___ RECORDS FOR THIS TASK ___

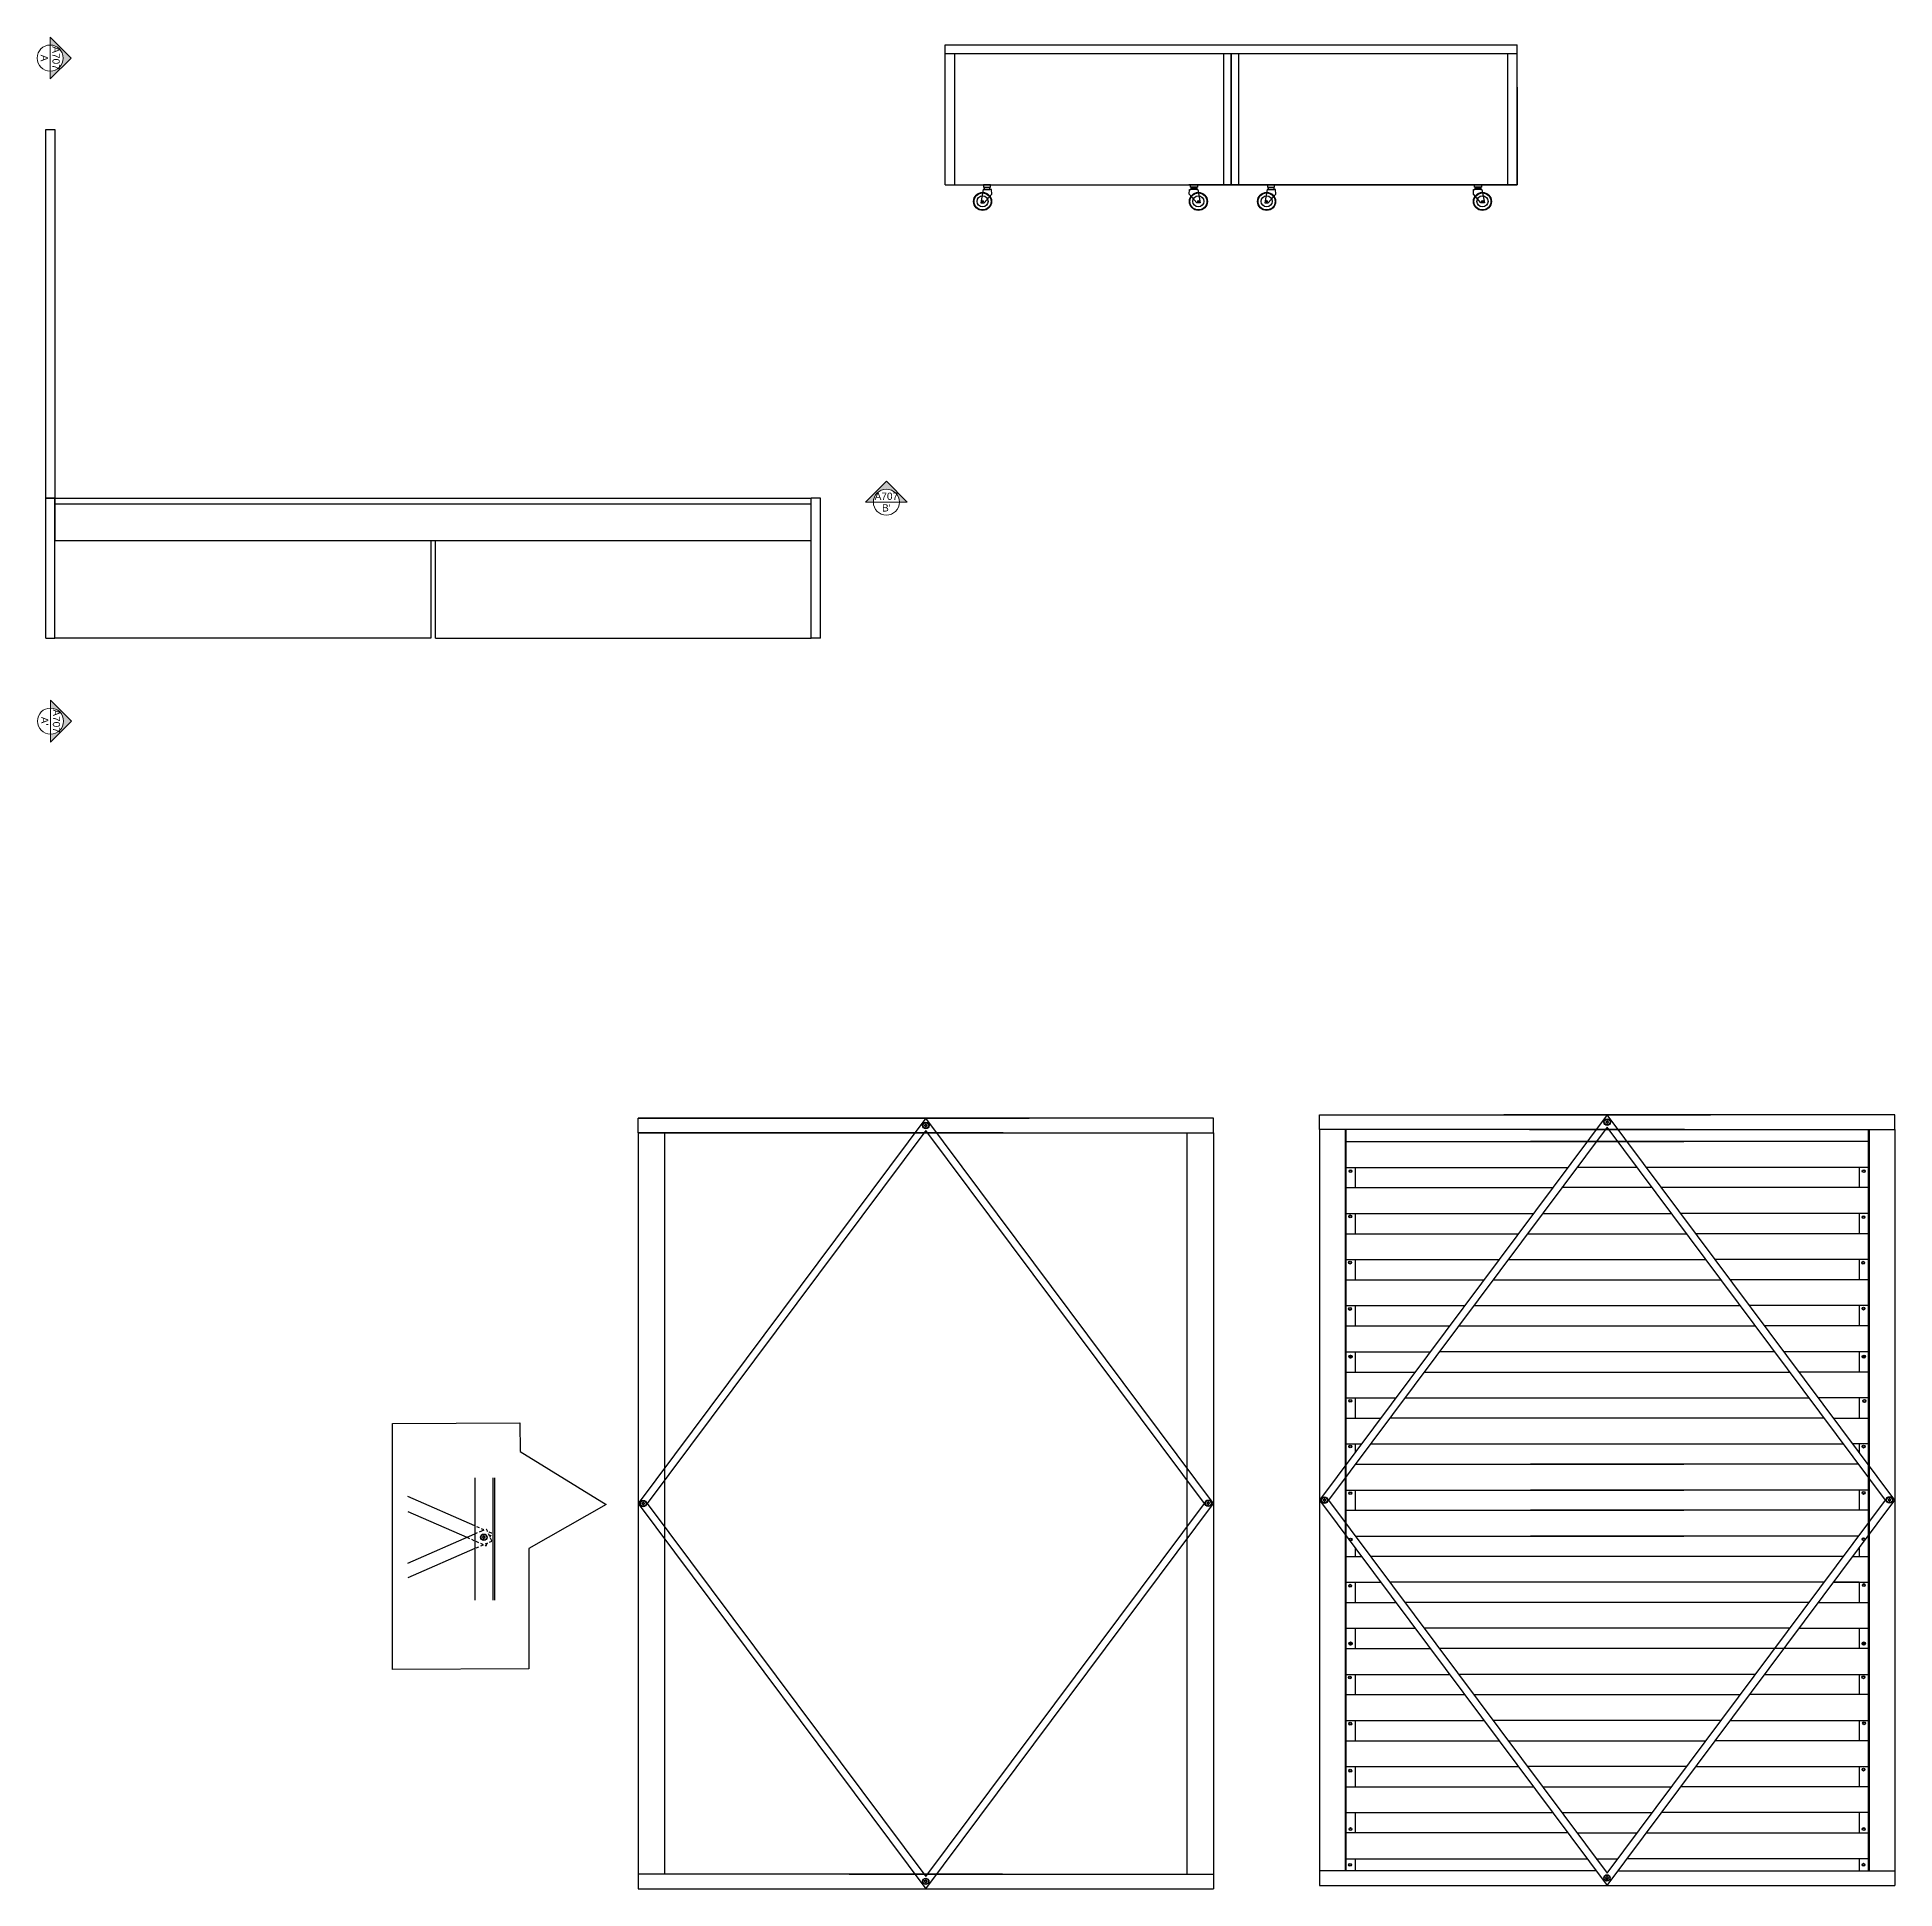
# Model space of a CAD drawing. Header units: millimetres. Extents: x 1628 to 5948, y -265 to 1722.
# Drawn here: x 5331 to 5835, y 142 to 644 of the extents above; entities that cross this region are included whole.
import ezdxf
from ezdxf.enums import TextEntityAlignment as Align

# ---------------------------------------------------------------- set-up
doc = ezdxf.new("R2010")
doc.units = ezdxf.units.MM
doc.linetypes.add('JIS_02_0.7', pattern=[1.35, 0.75, -0.6])
doc.layers.get('0').update_dxf_attribs({"color": 8})
doc.layers.add('A-PRSP-1', color=7, linetype='Continuous', lineweight=40)
doc.layers.add('QUOTE', color=5, linetype='Continuous')
doc.styles.get("Standard").update_dxf_attribs({"font": 'Arial.ttf'})

# ---------------------------------------------------------------- blocks, each defined once
blk = doc.blocks.new('SYMBOL')
at = {"layer": 'A-PRSP-1', "linetype": 'Continuous', "lineweight": 20}
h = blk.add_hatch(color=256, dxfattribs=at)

___

TASK OBJECTIVE: Your answer should be every line from the material above in which the word "units" appears.

YOUR RESPONSE:
# Model space of a CAD drawing. Header units: millimetres. Extents: x 1628 to 5948, y -265 to 1722.
doc.units = ezdxf.units.MM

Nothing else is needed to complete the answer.